Liquid salt bridge reference electrodes for improved drift and stability

An alternative approach to reduce the total flow of the bridge electrolyte is the use of timed flow. Higuchi et al. developed a miniaturized Ag/AgCl reference electrode based on a valve actuator for measurements of pH in cow rumen. This valve allows for an intermittent electrolyte flow for about 5 s once per hour, resulting in an overall flow of about 0.002 µL/h. This suggests a reference electrode life of over 2 years [25]. Unfortunately, miniaturized single-junction Ag/AgCl electrodes suffer from dissolution of the AgCl into the inner filling solution, resulting in larger long-term drifts, in this case 0.47 mV over 24 h (~ 20 µV/h). To address this challenge, a voltage was applied to an integrated platinum electrode to generate in situ hydrogen pressure and simultaneously rejuvenate the AgCl/Ag element by coating it with AgCl [26, 27]. This led to a reduction in drift to ~ 10 µV/h, but also resulted in a larger flow rate of 1 µL/h. Longer-term measurements will still be needed to ensure the electrodes indeed perform as well for such long periods of time. Ultimately, while the drift and life-expectancy of these valve actuator sensors may work very well for this particular application, an improvement in overall drift is still necessary for other uses.
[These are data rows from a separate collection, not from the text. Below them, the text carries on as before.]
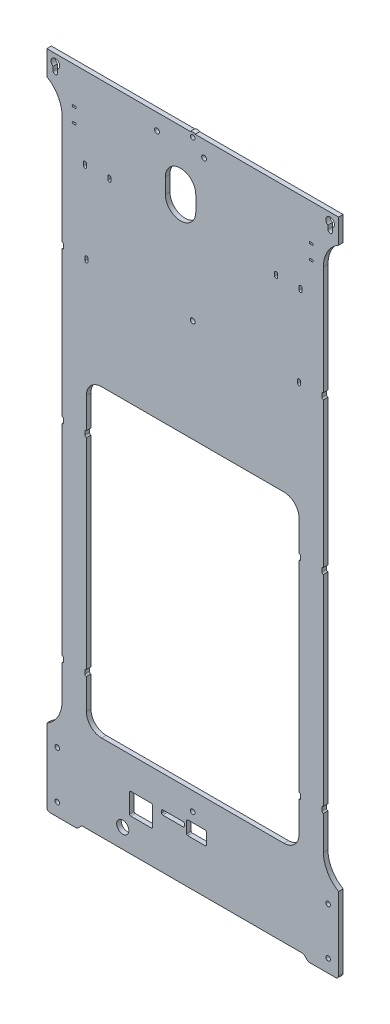
SolidWorks part; units mm, degrees
material "6061-T6 Black anodised"
ref_plane "Front Plane" through (0, 0, 0) normal (0, 0, 1) x (1, 0, 0)
ref_plane "Top Plane" through (0, 0, 0) normal (0, 1, 0) x (1, 0, 0)
ref_plane "Right Plane" through (0, 0, 0) normal (1, 0, 0) x (0, 0, -1)
sketch "Sketch1" plane through (0, 0, 0) normal (0, 0, 1) x (1, 0, 0)
  line L0 (89.02, 0) -> (-89.02, 0) construction
  line L1 (95.92, 394.5) -> (-95.92, 394.5)
  line L2 (95.92, 394.5) -> (95.92, -36.5)
  line L3 (72.92, -36.5) -> (-72.92, -36.5)
  line L4 (-95.92, 394.5) -> (-95.92, -36.5)
  line L5 (95.92, 394.5) -> (-95.92, -36.5) construction
  line L6 (95.92, -36.5) -> (-95.92, 394.5) construction
  line L7 (-90.52, -31) -> (-90.52, -28.5767) construction
  line L8 (-90.32, 384) -> (90.32, 384) construction
  line L9 (0, 384) -> (0, 0) construction
  line L10 (-87.52, -31) -> (-87.52, -28.5767) construction
  line L11 (-90.52, 0) -> (-90.52, 2.4233) construction
  line L12 (-87.52, 0) -> (-87.52, 2.4233) construction
  line L13 (87.52, -31) -> (87.52, -28.5767) construction
  line L14 (90.52, -31) -> (90.52, -28.5767) construction
  line L15 (87.52, 0) -> (87.52, 2.4233) construction
  line L16 (90.52, 0) -> (90.52, 2.4233) construction
  line L17 (88.82, 384) -> (88.82, 386.4233)
  line L18 (91.82, 384) -> (91.82, 386.4233)
  line L19 (-91.82, 384) -> (-91.82, 386.4233)
  line L20 (-88.82, 384) -> (-88.82, 386.4233)
  line L21 (95.92, -39.5) -> (75.92, -39.5)
  line L22 (75.92, -39.5) -> (72.92, -36.5)
  line L23 (-95.92, -39.5) -> (-75.92, -39.5)
  line L24 (-75.92, -39.5) -> (-72.92, -36.5)
  line L25 (-95.92, -36.5) -> (-95.92, -39.5)
  line L26 (95.92, -36.5) -> (95.92, -39.5)
  arc A0 (-90.52, 0) -> (-87.52, 0) centre (-89.02, 0) ccw
  arc A1 (87.52, 0) -> (90.52, 0) centre (89.02, 0) ccw
  arc A2 (-90.52, -31) -> (-87.52, -31) centre (-89.02, -31) ccw
  arc A4 (-91.82, 384) -> (-88.82, 384) centre (-90.32, 384) ccw
  arc A5 (88.82, 384) -> (91.82, 384) centre (90.32, 384) ccw
  arc A6 (-87.52, -28.5767) -> (-90.52, -28.5767) centre (-89.02, -26.1534) ccw construction
  circle A7 centre (-89.02, -31) radius 2.85 construction
  arc A8 (-87.52, 2.4233) -> (-90.52, 2.4233) centre (-89.02, 4.8466) ccw construction
  circle A9 centre (-89.02, 0) radius 2.85 construction
  arc A10 (90.52, -28.5767) -> (87.52, -28.5767) centre (89.02, -26.1534) ccw construction
  circle A11 centre (89.02, -31) radius 2.85 construction
  arc A12 (90.52, 2.4233) -> (87.52, 2.4233) centre (89.02, 4.8466) ccw construction
  circle A13 centre (89.02, 0) radius 2.85 construction
  arc A14 (91.82, 386.4233) -> (88.82, 386.4233) centre (90.32, 388.8466) ccw
  circle A15 centre (90.32, 384) radius 2.85 construction
  arc A16 (-88.82, 386.4233) -> (-91.82, 386.4233) centre (-90.32, 388.8466) ccw
  circle A17 centre (-90.32, 384) radius 2.85 construction
  circle A18 centre (89.02, -31) radius 1.5
  arc A19 (90.52, 0) -> (87.52, 0) centre (89.02, 0) ccw
  arc A20 (-90.52, -31) -> (-87.52, -31) centre (-89.02, -31) cw
  arc A21 (-90.52, 0) -> (-87.52, 0) centre (-89.02, 0) cw
  point P0 (0, 179)
  point P59 (-81.27, 0)
  dimension "D4" = 3
  dimension "D9" = 5.7
  dimension "D7" = 5.6
  dimension "D1" = 191.84
  dimension "D2" = 431
  dimension "D3" = 6.9
  dimension "D5" = 31
  dimension "D6" = 5.5
  dimension "D8" = 10.5
  dimension "D10" = 3
  dimension "D11" = 20
  dimension "D12" = 45
extrude "Boss-Extrude1" add sketch "Sketch1" along normal blind 3
sketch "Sketch2" plane through (0, 0, 3) normal (0, 0, 1) x (1, 0, 0)
  line L0 (-95.92, 394.5) -> (-95.92, -39.5) construction
  line L1 (-95.92, 10.5) -> (-85.92, 10.5)
  line L2 (-95.92, 10.5) -> (-95.92, 378.5)
  line L3 (-95.92, 378.5) -> (-85.92, 378.5)
  line L4 (-85.92, 10.5) -> (-85.92, 378.5)
  line L5 (95.92, -39.5) -> (95.92, 394.5) construction
  line L6 (95.92, 10.5) -> (85.92, 10.5)
  line L7 (95.92, 10.5) -> (95.92, 378.5)
  line L8 (95.92, 378.5) -> (85.92, 378.5)
  line L9 (85.92, 10.5) -> (85.92, 378.5)
  line L10 (95.92, 394.5) -> (-95.92, 394.5) construction
  line L11 (-72.92, -36.5) -> (72.92, -36.5) construction
  dimension "D1" = 16
  dimension "D2" = 47
  dimension "D3" = 10
extrude "Cut-Extrude1" cut sketch "Sketch2" against normal through all
fillet "Fillet1" radius 20 4 edges at (85.92, 10.5, 1.5) (-85.92, 10.5, 1.5) (85.92, 378.5, 1.5) (-85.92, 378.5, 1.5)
sketch "Sketch3" plane through (0, 0, 3) normal (0, 0, 1) x (1, 0, 0)
  line L0 (-72.92, -36.5) -> (72.92, -36.5) construction
  line L1 (95.92, 394.5) -> (-95.92, 394.5) construction
  circle A0 centre (0, 8) radius 1.5
  circle A2 centre (0, 392) radius 1.5
  dimension "D2" = 2.5
  dimension "D3" = 3
  dimension "D1" = 44.5
extrude "Cut-Extrude2" cut sketch "Sketch3" against normal through all
sketch "Sketch4" plane through (0, 0, 3) normal (0, 0, 1) x (1, 0, 0)
  line L0 (-85.92, 27.8205) -> (-85.92, 361.1795) construction
  line L1 (-69.92, 220) -> (69.92, 220)
  line L2 (-69.92, 220) -> (-69.92, 20)
  line L3 (-69.92, 20) -> (69.92, 20)
  line L4 (69.92, 220) -> (69.92, 20)
  line L5 (-69.92, 220) -> (69.92, 20) construction
  line L6 (-69.92, 20) -> (69.92, 220) construction
  circle A0 centre (0, 8) radius 1.5 construction
  point P0 (0, 120)
  dimension "D1" = 16
  dimension "D2" = 12
  dimension "D3" = 200
extrude "Cut-Extrude3" cut sketch "Sketch4" against normal through all
fillet "Fillet2" radius 10 4 edges at (69.92, 220, 1.5) (-69.92, 220, 1.5) (69.92, 20, 1.5) (-69.92, 20, 1.5)
sketch "Sketch5" plane through (0, 0, 3) normal (0, 0, 1) x (1, 0, 0)
  line L0 (-46, 8.2274) -> (-46, -20.9664) construction
  line L6 (-41.5, -0.8) -> (-26.5, -0.8)
  line L7 (-41.5, -0.8) -> (-41.5, -14.9)
  line L8 (-41.5, -14.9) -> (-26.5, -14.9)
  line L9 (-26.5, -0.8) -> (-26.5, -14.9)
  line L10 (-20.5, -0.8) -> (-5.5, -0.8)
  line L11 (-20.5, -0.8) -> (-20.5, -3.8)
  line L12 (-20.5, -3.8) -> (-5.5, -3.8)
  line L13 (-5.5, -0.8) -> (-5.5, -3.8)
  line L14 (-4, 1.7) -> (9, 1.7)
  line L15 (-4, 1.7) -> (-4, -7.3)
  line L16 (-4, -7.3) -> (9, -7.3)
  line L17 (9, 1.7) -> (9, -7.3)
  circle A1 centre (0, 8) radius 1.5 construction
  dimension "D3" = 2.5
  dimension "D2" = 8.8
  dimension "D5" = 46
  dimension "D6" = 4.5
  dimension "D7" = 15
  dimension "D8" = 25.5
  dimension "D9" = 15
  dimension "D10" = 42
  dimension "D11" = 13
  dimension "D12" = 14.1
  dimension "D13" = 3
  dimension "D14" = 9
extrude "Cut-Extrude4" cut sketch "Sketch5" against normal through all
fillet "Fillet3" radius 0.8 12 edges at (9, -7.3, 1.5) (9, 1.7, 1.5) (-4, 1.7, 1.5) (-4, -7.3, 1.5) (-5.5, -3.8, 1.5) (-5.5, -0.8, 1.5) (-20.5, -0.8, 1.5) (-20.5, -3.8, 1.5) (-26.5, -14.9, 1.5) (-26.5, -0.8, 1.5) (-41.5, -0.8, 1.5) (-41.5, -14.9, 1.5)
sketch "Sketch6" plane through (0, 0, 3) normal (0, 0, 1) x (1, 0, 0)
  circle A0 centre (-46, -23.8) radius 4
  circle A1 centre (0, 8) radius 1.5 construction
  dimension "D2" = 8
  dimension "D3" = 31.8
  dimension "D1" = 46
extrude "Cut-Extrude5" cut sketch "Sketch6" against normal through all
sketch "Sketch7" plane through (0, 0, 3) normal (0, 0, 1) x (1, 0, 0)
  line L0 (0, -35.055) -> (-4.8534, -39.9081)
  line L1 (6.0015, -39.9081) -> (0.8516, -35.055)
  line L2 (-7.2622, -33.0882) -> (7.8165, -33.0882)
  line L3 (8.077, -32.9782) -> (11.0039, -30.0512)
  line L4 (10.2253, -29.347) -> (-7.2622, -29.347)
  line L5 (-14.4113, -36.4965) -> (-14.4098, -53.9837)
  line L6 (-13.7057, -54.7607) -> (-10.7801, -51.8338)
  line L7 (-10.6686, -51.5749) -> (-10.67, -36.4965)
  line L8 (8.1139, -55.2833) -> (-6.9645, -55.2833)
  line L9 (-7.2249, -55.3948) -> (-10.1519, -58.3217)
  line L10 (-9.3733, -59.0259) -> (8.1139, -59.0259)
  line L11 (15.2633, -51.8752) -> (15.2619, -34.3893)
  line L12 (14.5577, -33.6121) -> (11.6308, -36.5391)
  line L13 (11.5207, -36.798) -> (11.5218, -51.8752)
  spline S0 degree 3 poles (0.4439, -34.8701) (0.3912, -34.8752) (0.2828, -34.8857) (0.1286, -34.9495) (0.0426, -35.02) (0, -35.055) knots 0 0 0 0 0.322338 0.663828 1 1 1 1
  spline S1 degree 3 poles (-4.8534, -39.9081) (-4.8579, -39.9123) (-4.8667, -39.9205) (-4.8791, -39.9329) (-5.3375, -40.4392) (-6.231, -41.4846) (-7.3312, -43.289) (-7.8887, -46.1117) (-6.8483, -49.6491) (-3.8783, -52.5981) (0.2577, -53.8719) (4.5569, -52.8137) (7.7118, -49.6441) (8.7217, -46.1226) (8.2109, -43.3277) (7.2971, -41.454) (6.4234, -40.4116) (6.0015, -39.9081) knots 0 0 0 0 0.000489 0.000958 0.001407 0.055151 0.111018 0.168413 0.280621 0.389777 0.490762 0.614387 0.723194 0.83533 0.891393 0.947551 1 1 1 1
  spline S2 degree 3 poles (0.8516, -35.055) (0.8125, -35.0211) (0.7352, -34.9541) (0.5954, -34.8849) (0.4944, -34.875) (0.4439, -34.8701) knots 0 0 0 0 0.338885 0.669777 1 1 1 1
  spline S3 degree 3 poles (7.8165, -33.0882) (7.8386, -33.0865) (7.882, -33.0833) (7.9472, -33.0756) (7.9964, -33.0496) (8.0324, -33.0241) (8.0557, -33.0007) (8.07, -32.9856) (8.077, -32.9782) knots 0 0 0 0 0.227493 0.445972 0.663373 0.787115 0.896006 1 1 1 1
  spline S4 degree 3 poles (11.0039, -30.0512) (11.0329, -30.0119) (11.0909, -29.9332) (11.1149, -29.785) (11.0877, -29.6491) (11.0204, -29.5396) (10.9299, -29.4607) (10.7969, -29.4113) (10.6368, -29.379) (10.4517, -29.3457) (10.3213, -29.3482) (10.25, -29.3467) (10.2377, -29.3461) (10.2294, -29.3467) (10.2253, -29.347) knots 0 0 0 0 0.104345 0.208931 0.313565 0.397995 0.482811 0.567894 0.701187 0.836715 0.973247 0.982163 0.991064 1 1 1 1
  spline S5 degree 3 poles (-7.2622, -29.347) (-8.5111, -29.5465) (-10.9772, -29.9405) (-13.8177, -32.781) (-14.2117, -35.2473) (-14.4113, -36.4965) knots 0 0 0 0 0.336154 0.663772 1 1 1 1
  spline S6 degree 3 poles (-14.4098, -53.9837) (-14.4101, -53.9877) (-14.4107, -53.9955) (-14.4101, -54.0074) (-14.4085, -54.0786) (-14.4116, -54.2092) (-14.3778, -54.3947) (-14.348, -54.5555) (-14.2965, -54.6876) (-14.2178, -54.7779) (-14.1086, -54.8459) (-13.9724, -54.8732) (-13.8239, -54.8488) (-13.7451, -54.7901) (-13.7057, -54.7607) knots 0 0 0 0 0.008622 0.017031 0.025643 0.162638 0.298245 0.431901 0.516392 0.601007 0.685957 0.790142 0.895037 1 1 1 1
  spline S7 degree 3 poles (-10.7801, -51.8338) (-10.7711, -51.8245) (-10.7536, -51.8064) (-10.7264, -51.7794) (-10.6977, -51.7438) (-10.6778, -51.6947) (-10.6682, -51.6355) (-10.6685, -51.5956) (-10.6686, -51.5749) knots 0 0 0 0 0.131285 0.25763 0.390972 0.594165 0.788898 1 1 1 1
  spline S8 degree 3 poles (-10.67, -36.4965) (-10.5818, -35.8926) (-10.4093, -34.7122) (-9.0474, -33.3492) (-7.8666, -33.1766) (-7.2622, -33.0882) knots 0 0 0 0 0.33841 0.661392 1 1 1 1
  spline S9 degree 3 poles (-6.9645, -55.2833) (-6.9836, -55.284) (-7.0187, -55.2854) (-7.0727, -55.2938) (-7.117, -55.3142) (-7.157, -55.3379) (-7.1915, -55.3639) (-7.2134, -55.3842) (-7.2249, -55.3948) knots 0 0 0 0 0.196746 0.361608 0.557262 0.692766 0.839563 1 1 1 1
  spline S10 degree 3 poles (-10.1519, -58.3217) (-10.1809, -58.361) (-10.2389, -58.4397) (-10.2629, -58.5879) (-10.2357, -58.7239) (-10.1681, -58.8333) (-10.0777, -58.912) (-9.9452, -58.9619) (-9.7851, -58.9945) (-9.6, -59.0248) (-9.4695, -59.0303) (-9.3981, -59.025) (-9.3857, -59.0257) (-9.3774, -59.0258) (-9.3733, -59.0259) knots 0 0 0 0 0.104385 0.20895 0.313569 0.398093 0.483012 0.567612 0.700915 0.836485 0.973043 0.982112 0.991066 1 1 1 1
  spline S11 degree 3 poles (8.1139, -59.0259) (9.3629, -58.8263) (11.8293, -58.432) (14.6704, -55.5912) (15.064, -53.1244) (15.2633, -51.8752) knots 0 0 0 0 0.336157 0.663806 1 1 1 1
  spline S12 degree 3 poles (15.2619, -34.3893) (15.2622, -34.3852) (15.2628, -34.3769) (15.2621, -34.3644) (15.2606, -34.293) (15.2632, -34.1626) (15.2298, -33.9775) (15.198, -33.8174) (15.148, -33.6849) (15.0694, -33.5945) (14.9599, -33.5269) (14.8239, -33.4997) (14.6754, -33.5241) (14.597, -33.5828) (14.5577, -33.6121) knots 0 0 0 0 0.008953 0.017947 0.027021 0.163491 0.298949 0.432165 0.516776 0.601601 0.686035 0.790672 0.895263 1 1 1 1
  spline S13 degree 3 poles (11.6308, -36.5391) (11.6212, -36.5483) (11.6023, -36.5664) (11.5737, -36.5942) (11.5433, -36.6274) (11.5265, -36.6769) (11.5219, -36.7355) (11.5211, -36.7763) (11.5207, -36.798) knots 0 0 0 0 0.134582 0.264928 0.404991 0.586048 0.77989 1 1 1 1
  spline S14 degree 3 poles (11.5218, -51.8752) (11.4339, -52.4792) (11.262, -53.6599) (9.8992, -55.0226) (8.7183, -55.195) (8.1139, -55.2833) knots 0 0 0 0 0.338406 0.661372 1 1 1 1
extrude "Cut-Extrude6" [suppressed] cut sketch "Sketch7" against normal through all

Quite recently the use of applied pressure to drive electrolyte flow through a capillary-based liquid junction was used for the development of an inexpensive Ag/AgCl reference electrode. In this case, flow through a 5 cm long capillary of 10.2 µm diameter resulted in a stable salt bridge leading to rather minimal drifts of 6 ± 3 µV/h versus a Ag/AgCl wire in a KCl solution over 21 days [28]. This demonstrates a much longer continuous measurement of drift for a reference electrode than typically observed, and due to the small volumetric flow of electrolyte, refilling is not needed in that time frame. The use of a capillary also alleviates the sample dependent potential differences and stir rate dependence observed with some nanoporous glass frit junctions, while ensuring that the capillary does not become contaminated by sample components. This is not the first example of a pressure driven flow through a capillary salt-bridge, but its drift is one of the best reported. The resistance of this type of electrode is in the range of 30 MΩ, which as a result of the small cross sectional area of the capillary is larger than for many other often used electrodes, but is of the same order of magnitude as for a pH glass electrode and is compatible with most modern voltmeters.

Another method for creating a low-flow reference electrode involves the use of pressure-driven flow through a glass plate with an array of nanosized holes, which conceptually is equivalent to a bundle of capillaries. An electrode of this type with 157 nanochannels of 500 nm diameter was developed for use in pH measurements and demonstrated a flow of 360 ± 60 nL/h and a drift of -0.013 pH units over 6 months, while also exhibiting no change in potential with stirring and exceptional stability in extreme pH and low ionic strength solutions [29]. The nanochannels were 500 nm diameter wide, which is large enough to eliminate electrostatic screening. The resistance of these reference electrodes was reported to be smaller than 1 MΩ. As the combined cross section of the 157 nanochannels was 31 µm2, which is relatively close to the 81 µm2 for a single 10.2 µm capillary, the lower resistance as compared to the 10.2 µm capillary device described above is largely due to the shortness of the nanochannels, which we estimate based on the conductivity reported in the original literature to be approximately 1 mm.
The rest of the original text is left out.